• **Records for the task**:
+++
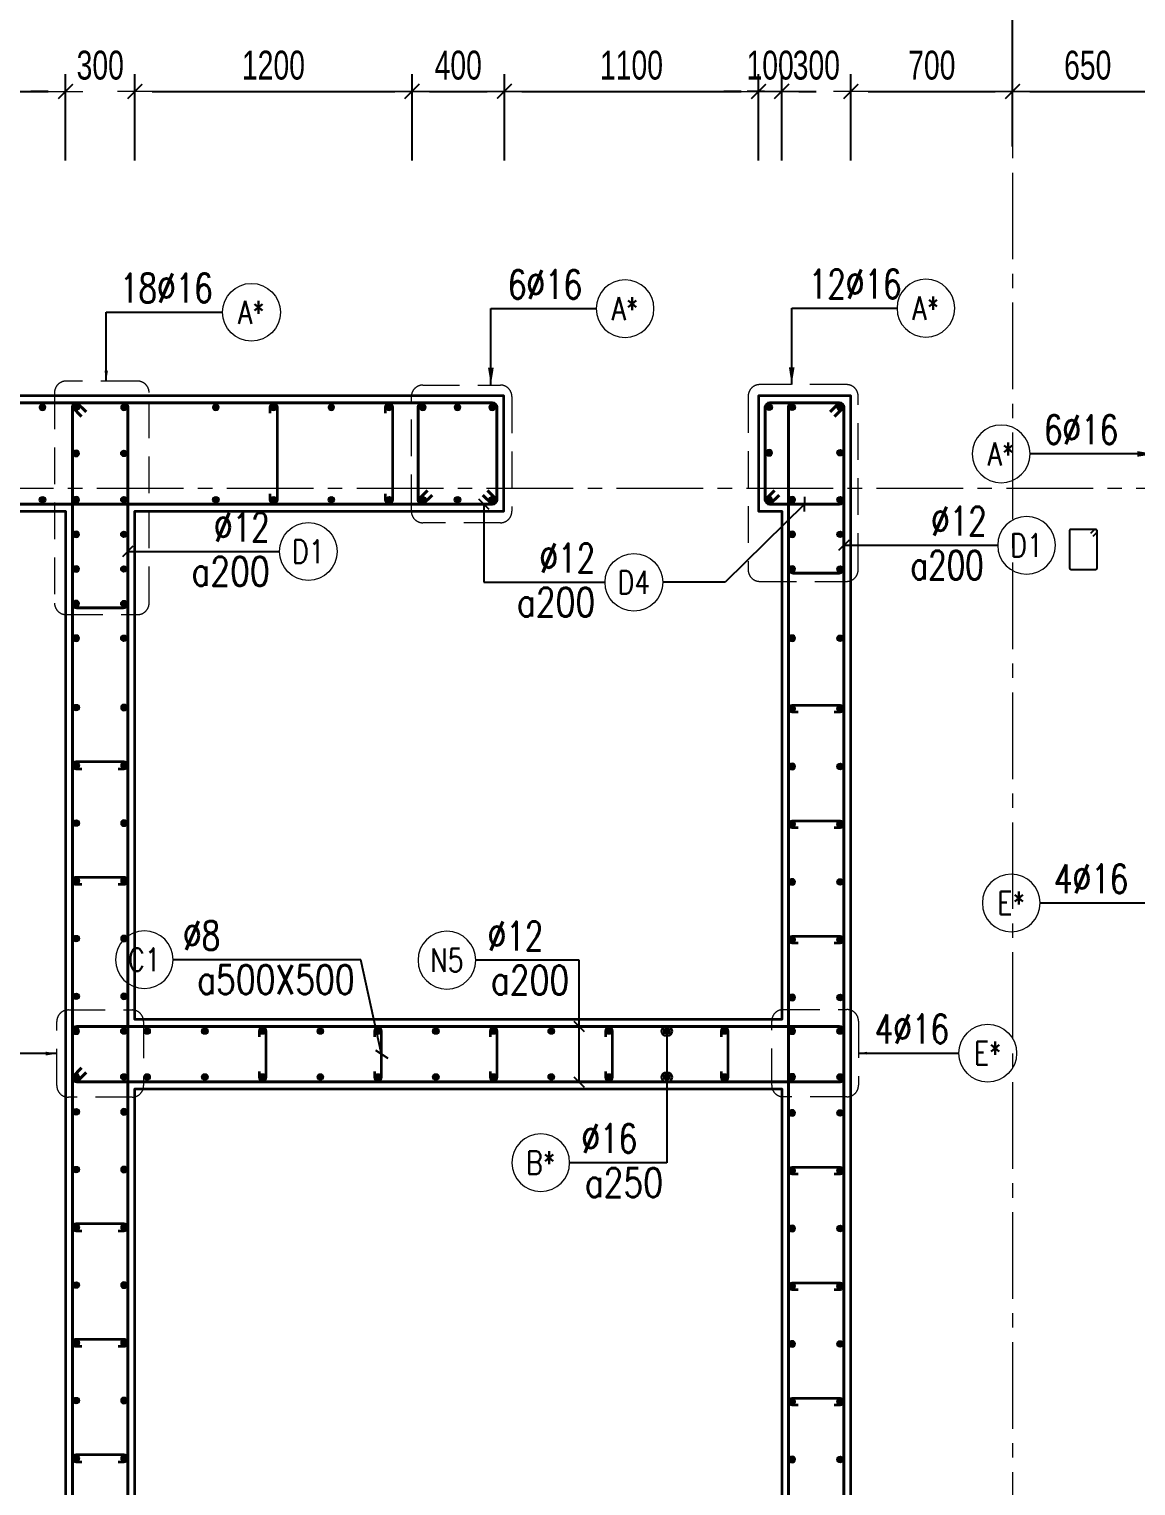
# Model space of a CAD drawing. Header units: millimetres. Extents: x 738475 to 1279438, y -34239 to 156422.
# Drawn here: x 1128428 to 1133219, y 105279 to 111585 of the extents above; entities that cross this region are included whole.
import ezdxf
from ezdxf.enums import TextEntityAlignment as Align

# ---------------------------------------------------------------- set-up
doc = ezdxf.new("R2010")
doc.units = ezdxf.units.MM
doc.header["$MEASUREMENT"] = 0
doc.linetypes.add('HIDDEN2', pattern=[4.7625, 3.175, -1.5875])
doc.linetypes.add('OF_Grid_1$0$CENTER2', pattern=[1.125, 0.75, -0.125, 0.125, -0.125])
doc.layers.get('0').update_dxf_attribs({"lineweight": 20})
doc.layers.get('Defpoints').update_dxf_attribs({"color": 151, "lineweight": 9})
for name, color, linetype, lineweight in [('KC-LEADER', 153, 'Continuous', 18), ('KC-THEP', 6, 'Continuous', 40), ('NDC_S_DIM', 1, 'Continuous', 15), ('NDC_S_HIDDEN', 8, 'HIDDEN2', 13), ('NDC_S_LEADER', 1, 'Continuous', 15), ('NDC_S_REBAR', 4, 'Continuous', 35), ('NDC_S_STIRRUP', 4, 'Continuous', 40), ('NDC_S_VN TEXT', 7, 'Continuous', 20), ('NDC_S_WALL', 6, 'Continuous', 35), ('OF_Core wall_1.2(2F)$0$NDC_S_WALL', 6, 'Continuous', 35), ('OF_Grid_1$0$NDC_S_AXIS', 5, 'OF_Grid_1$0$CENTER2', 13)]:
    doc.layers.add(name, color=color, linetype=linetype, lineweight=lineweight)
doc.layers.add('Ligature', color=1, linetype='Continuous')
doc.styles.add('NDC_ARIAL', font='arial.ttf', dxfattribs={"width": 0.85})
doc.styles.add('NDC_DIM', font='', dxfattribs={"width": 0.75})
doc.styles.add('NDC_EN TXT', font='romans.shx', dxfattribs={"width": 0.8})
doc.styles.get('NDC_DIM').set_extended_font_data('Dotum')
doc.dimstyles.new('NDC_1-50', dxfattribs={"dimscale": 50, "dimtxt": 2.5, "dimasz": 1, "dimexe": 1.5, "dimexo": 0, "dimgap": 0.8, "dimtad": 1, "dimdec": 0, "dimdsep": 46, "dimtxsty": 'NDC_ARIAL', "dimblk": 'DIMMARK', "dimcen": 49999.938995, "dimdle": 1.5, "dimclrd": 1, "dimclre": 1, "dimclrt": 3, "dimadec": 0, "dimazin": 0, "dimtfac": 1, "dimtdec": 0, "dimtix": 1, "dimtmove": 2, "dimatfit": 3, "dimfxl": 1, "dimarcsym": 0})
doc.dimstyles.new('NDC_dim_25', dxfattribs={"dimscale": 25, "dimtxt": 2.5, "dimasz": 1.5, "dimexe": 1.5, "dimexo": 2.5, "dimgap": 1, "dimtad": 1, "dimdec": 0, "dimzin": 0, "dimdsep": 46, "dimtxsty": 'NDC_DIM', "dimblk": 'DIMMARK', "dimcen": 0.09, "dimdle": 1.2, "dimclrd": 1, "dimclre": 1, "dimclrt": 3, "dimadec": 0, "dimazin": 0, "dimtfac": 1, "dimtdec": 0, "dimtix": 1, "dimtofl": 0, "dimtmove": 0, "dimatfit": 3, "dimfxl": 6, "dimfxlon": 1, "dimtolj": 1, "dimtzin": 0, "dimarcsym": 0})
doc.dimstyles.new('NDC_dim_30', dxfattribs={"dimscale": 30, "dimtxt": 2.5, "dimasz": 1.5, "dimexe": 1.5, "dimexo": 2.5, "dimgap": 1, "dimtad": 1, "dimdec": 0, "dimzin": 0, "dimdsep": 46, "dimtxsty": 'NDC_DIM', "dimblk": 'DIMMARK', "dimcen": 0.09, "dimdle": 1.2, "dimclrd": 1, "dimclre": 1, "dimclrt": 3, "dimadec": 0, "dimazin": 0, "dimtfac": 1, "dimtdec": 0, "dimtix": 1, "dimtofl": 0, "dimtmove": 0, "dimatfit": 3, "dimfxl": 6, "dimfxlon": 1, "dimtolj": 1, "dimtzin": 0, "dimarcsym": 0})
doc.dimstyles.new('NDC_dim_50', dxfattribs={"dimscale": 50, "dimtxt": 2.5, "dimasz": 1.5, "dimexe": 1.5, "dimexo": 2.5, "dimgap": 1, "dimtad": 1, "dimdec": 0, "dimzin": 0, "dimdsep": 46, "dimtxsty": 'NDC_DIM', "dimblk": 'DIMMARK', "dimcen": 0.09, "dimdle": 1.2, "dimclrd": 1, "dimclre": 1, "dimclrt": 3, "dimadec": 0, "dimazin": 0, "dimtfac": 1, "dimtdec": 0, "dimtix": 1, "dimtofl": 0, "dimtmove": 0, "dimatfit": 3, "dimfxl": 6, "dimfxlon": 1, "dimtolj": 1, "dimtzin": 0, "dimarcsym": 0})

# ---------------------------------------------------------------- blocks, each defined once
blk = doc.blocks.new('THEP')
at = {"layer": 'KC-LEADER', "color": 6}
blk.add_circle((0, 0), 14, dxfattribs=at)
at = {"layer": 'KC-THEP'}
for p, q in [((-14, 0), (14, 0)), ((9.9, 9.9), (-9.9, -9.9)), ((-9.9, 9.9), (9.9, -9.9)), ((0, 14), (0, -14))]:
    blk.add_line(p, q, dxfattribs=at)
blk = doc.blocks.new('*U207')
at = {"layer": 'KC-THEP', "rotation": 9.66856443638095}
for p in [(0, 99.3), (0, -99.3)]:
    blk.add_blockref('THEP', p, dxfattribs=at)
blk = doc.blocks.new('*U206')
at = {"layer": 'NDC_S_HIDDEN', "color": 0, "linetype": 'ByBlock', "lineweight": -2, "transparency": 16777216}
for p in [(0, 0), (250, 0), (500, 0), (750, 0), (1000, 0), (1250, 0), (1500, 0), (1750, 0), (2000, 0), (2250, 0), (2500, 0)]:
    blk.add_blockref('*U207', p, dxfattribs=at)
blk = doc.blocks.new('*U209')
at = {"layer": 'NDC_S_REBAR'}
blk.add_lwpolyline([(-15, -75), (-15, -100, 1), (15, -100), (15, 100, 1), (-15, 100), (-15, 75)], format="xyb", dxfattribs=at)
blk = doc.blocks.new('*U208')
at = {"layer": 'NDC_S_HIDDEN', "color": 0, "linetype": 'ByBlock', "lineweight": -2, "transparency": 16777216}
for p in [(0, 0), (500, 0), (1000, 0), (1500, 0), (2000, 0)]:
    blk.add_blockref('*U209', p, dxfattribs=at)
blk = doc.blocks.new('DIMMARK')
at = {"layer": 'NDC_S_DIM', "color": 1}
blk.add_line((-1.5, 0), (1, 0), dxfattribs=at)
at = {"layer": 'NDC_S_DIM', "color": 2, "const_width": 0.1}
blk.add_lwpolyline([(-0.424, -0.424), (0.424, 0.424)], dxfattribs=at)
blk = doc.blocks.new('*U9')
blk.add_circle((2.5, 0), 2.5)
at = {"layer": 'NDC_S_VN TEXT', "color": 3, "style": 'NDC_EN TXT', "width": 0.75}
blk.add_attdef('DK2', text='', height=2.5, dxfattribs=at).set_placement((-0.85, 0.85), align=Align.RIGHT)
+++
• **Task brief**: Top to bottom, retype the listing exactly but drop every picture.

• **Worked solution**:
# Model space of a CAD drawing. Header units: millimetres. Extents: x 738475 to 1279438, y -34239 to 156422.
# Drawn here: x 1128428 to 1133219, y 105279 to 111585 of the extents above; entities that cross this region are included whole.
import ezdxf
from ezdxf.enums import TextEntityAlignment as Align

# ---------------------------------------------------------------- set-up
doc = ezdxf.new("R2010")
doc.units = ezdxf.units.MM
doc.header["$MEASUREMENT"] = 0
doc.linetypes.add('HIDDEN2', pattern=[4.7625, 3.175, -1.5875])
doc.linetypes.add('OF_Grid_1$0$CENTER2', pattern=[1.125, 0.75, -0.125, 0.125, -0.125])
doc.layers.get('0').update_dxf_attribs({"lineweight": 20})
doc.layers.get('Defpoints').update_dxf_attribs({"color": 151, "lineweight": 9})
for name, color, linetype, lineweight in [('KC-LEADER', 153, 'Continuous', 18), ('KC-THEP', 6, 'Continuous', 40), ('NDC_S_DIM', 1, 'Continuous', 15), ('NDC_S_HIDDEN', 8, 'HIDDEN2', 13), ('NDC_S_LEADER', 1, 'Continuous', 15), ('NDC_S_REBAR', 4, 'Continuous', 35), ('NDC_S_STIRRUP', 4, 'Continuous', 40), ('NDC_S_VN TEXT', 7, 'Continuous', 20), ('NDC_S_WALL', 6, 'Continuous', 35), ('OF_Core wall_1.2(2F)$0$NDC_S_WALL', 6, 'Continuous', 35), ('OF_Grid_1$0$NDC_S_AXIS', 5, 'OF_Grid_1$0$CENTER2', 13)]:
    doc.layers.add(name, color=color, linetype=linetype, lineweight=lineweight)
doc.layers.add('Ligature', color=1, linetype='Continuous')
doc.styles.add('NDC_ARIAL', font='arial.ttf', dxfattribs={"width": 0.85})
doc.styles.add('NDC_DIM', font='', dxfattribs={"width": 0.75})
doc.styles.add('NDC_EN TXT', font='romans.shx', dxfattribs={"width": 0.8})
doc.styles.get('NDC_DIM').set_extended_font_data('Dotum')
doc.dimstyles.new('NDC_1-50', dxfattribs={"dimscale": 50, "dimtxt": 2.5, "dimasz": 1, "dimexe": 1.5, "dimexo": 0, "dimgap": 0.8, "dimtad": 1, "dimdec": 0, "dimdsep": 46, "dimtxsty": 'NDC_ARIAL', "dimblk": 'DIMMARK', "dimcen": 49999.938995, "dimdle": 1.5, "dimclrd": 1, "dimclre": 1, "dimclrt": 3, "dimadec": 0, "dimazin": 0, "dimtfac": 1, "dimtdec": 0, "dimtix": 1, "dimtmove": 2, "dimatfit": 3, "dimfxl": 1, "dimarcsym": 0})
doc.dimstyles.new('NDC_dim_25', dxfattribs={"dimscale": 25, "dimtxt": 2.5, "dimasz": 1.5, "dimexe": 1.5, "dimexo": 2.5, "dimgap": 1, "dimtad": 1, "dimdec": 0, "dimzin": 0, "dimdsep": 46, "dimtxsty": 'NDC_DIM', "dimblk": 'DIMMARK', "dimcen": 0.09, "dimdle": 1.2, "dimclrd": 1, "dimclre": 1, "dimclrt": 3, "dimadec": 0, "dimazin": 0, "dimtfac": 1, "dimtdec": 0, "dimtix": 1, "dimtofl": 0, "dimtmove": 0, "dimatfit": 3, "dimfxl": 6, "dimfxlon": 1, "dimtolj": 1, "dimtzin": 0, "dimarcsym": 0})
doc.dimstyles.new('NDC_dim_30', dxfattribs={"dimscale": 30, "dimtxt": 2.5, "dimasz": 1.5, "dimexe": 1.5, "dimexo": 2.5, "dimgap": 1, "dimtad": 1, "dimdec": 0, "dimzin": 0, "dimdsep": 46, "dimtxsty": 'NDC_DIM', "dimblk": 'DIMMARK', "dimcen": 0.09, "dimdle": 1.2, "dimclrd": 1, "dimclre": 1, "dimclrt": 3, "dimadec": 0, "dimazin": 0, "dimtfac": 1, "dimtdec": 0, "dimtix": 1, "dimtofl": 0, "dimtmove": 0, "dimatfit": 3, "dimfxl": 6, "dimfxlon": 1, "dimtolj": 1, "dimtzin": 0, "dimarcsym": 0})
doc.dimstyles.new('NDC_dim_50', dxfattribs={"dimscale": 50, "dimtxt": 2.5, "dimasz": 1.5, "dimexe": 1.5, "dimexo": 2.5, "dimgap": 1, "dimtad": 1, "dimdec": 0, "dimzin": 0, "dimdsep": 46, "dimtxsty": 'NDC_DIM', "dimblk": 'DIMMARK', "dimcen": 0.09, "dimdle": 1.2, "dimclrd": 1, "dimclre": 1, "dimclrt": 3, "dimadec": 0, "dimazin": 0, "dimtfac": 1, "dimtdec": 0, "dimtix": 1, "dimtofl": 0, "dimtmove": 0, "dimatfit": 3, "dimfxl": 6, "dimfxlon": 1, "dimtolj": 1, "dimtzin": 0, "dimarcsym": 0})

# ---------------------------------------------------------------- blocks, each defined once
blk = doc.blocks.new('THEP')
at = {"layer": 'KC-LEADER', "color": 6}
blk.add_circle((0, 0), 14, dxfattribs=at)
at = {"layer": 'KC-THEP'}
for p, q in [((-14, 0), (14, 0)), ((9.9, 9.9), (-9.9, -9.9)), ((-9.9, 9.9), (9.9, -9.9)), ((0, 14), (0, -14))]:
    blk.add_line(p, q, dxfattribs=at)
blk = doc.blocks.new('*U207')
at = {"layer": 'KC-THEP', "rotation": 9.66856443638095}
for p in [(0, 99.3), (0, -99.3)]:
    blk.add_blockref('THEP', p, dxfattribs=at)
blk = doc.blocks.new('*U206')
at = {"layer": 'NDC_S_HIDDEN', "color": 0, "linetype": 'ByBlock', "lineweight": -2, "transparency": 16777216}
for p in [(0, 0), (250, 0), (500, 0), (750, 0), (1000, 0), (1250, 0), (1500, 0), (1750, 0), (2000, 0), (2250, 0), (2500, 0)]:
    blk.add_blockref('*U207', p, dxfattribs=at)
blk = doc.blocks.new('*U209')
at = {"layer": 'NDC_S_REBAR'}
blk.add_lwpolyline([(-15, -75), (-15, -100, 1), (15, -100), (15, 100, 1), (-15, 100), (-15, 75)], format="xyb", dxfattribs=at)
blk = doc.blocks.new('*U208')
at = {"layer": 'NDC_S_HIDDEN', "color": 0, "linetype": 'ByBlock', "lineweight": -2, "transparency": 16777216}
for p in [(0, 0), (500, 0), (1000, 0), (1500, 0), (2000, 0)]:
    blk.add_blockref('*U209', p, dxfattribs=at)
blk = doc.blocks.new('DIMMARK')
at = {"layer": 'NDC_S_DIM', "color": 1}
blk.add_line((-1.5, 0), (1, 0), dxfattribs=at)
at = {"layer": 'NDC_S_DIM', "color": 2, "const_width": 0.1}
blk.add_lwpolyline([(-0.424, -0.424), (0.424, 0.424)], dxfattribs=at)
blk = doc.blocks.new('*U9')
blk.add_circle((2.5, 0), 2.5)
at = {"layer": 'NDC_S_VN TEXT', "color": 3, "style": 'NDC_EN TXT', "width": 0.75}
blk.add_attdef('DK2', text='', height=2.5, dxfattribs=at).set_placement((-0.85, 0.85), align=Align.RIGHT)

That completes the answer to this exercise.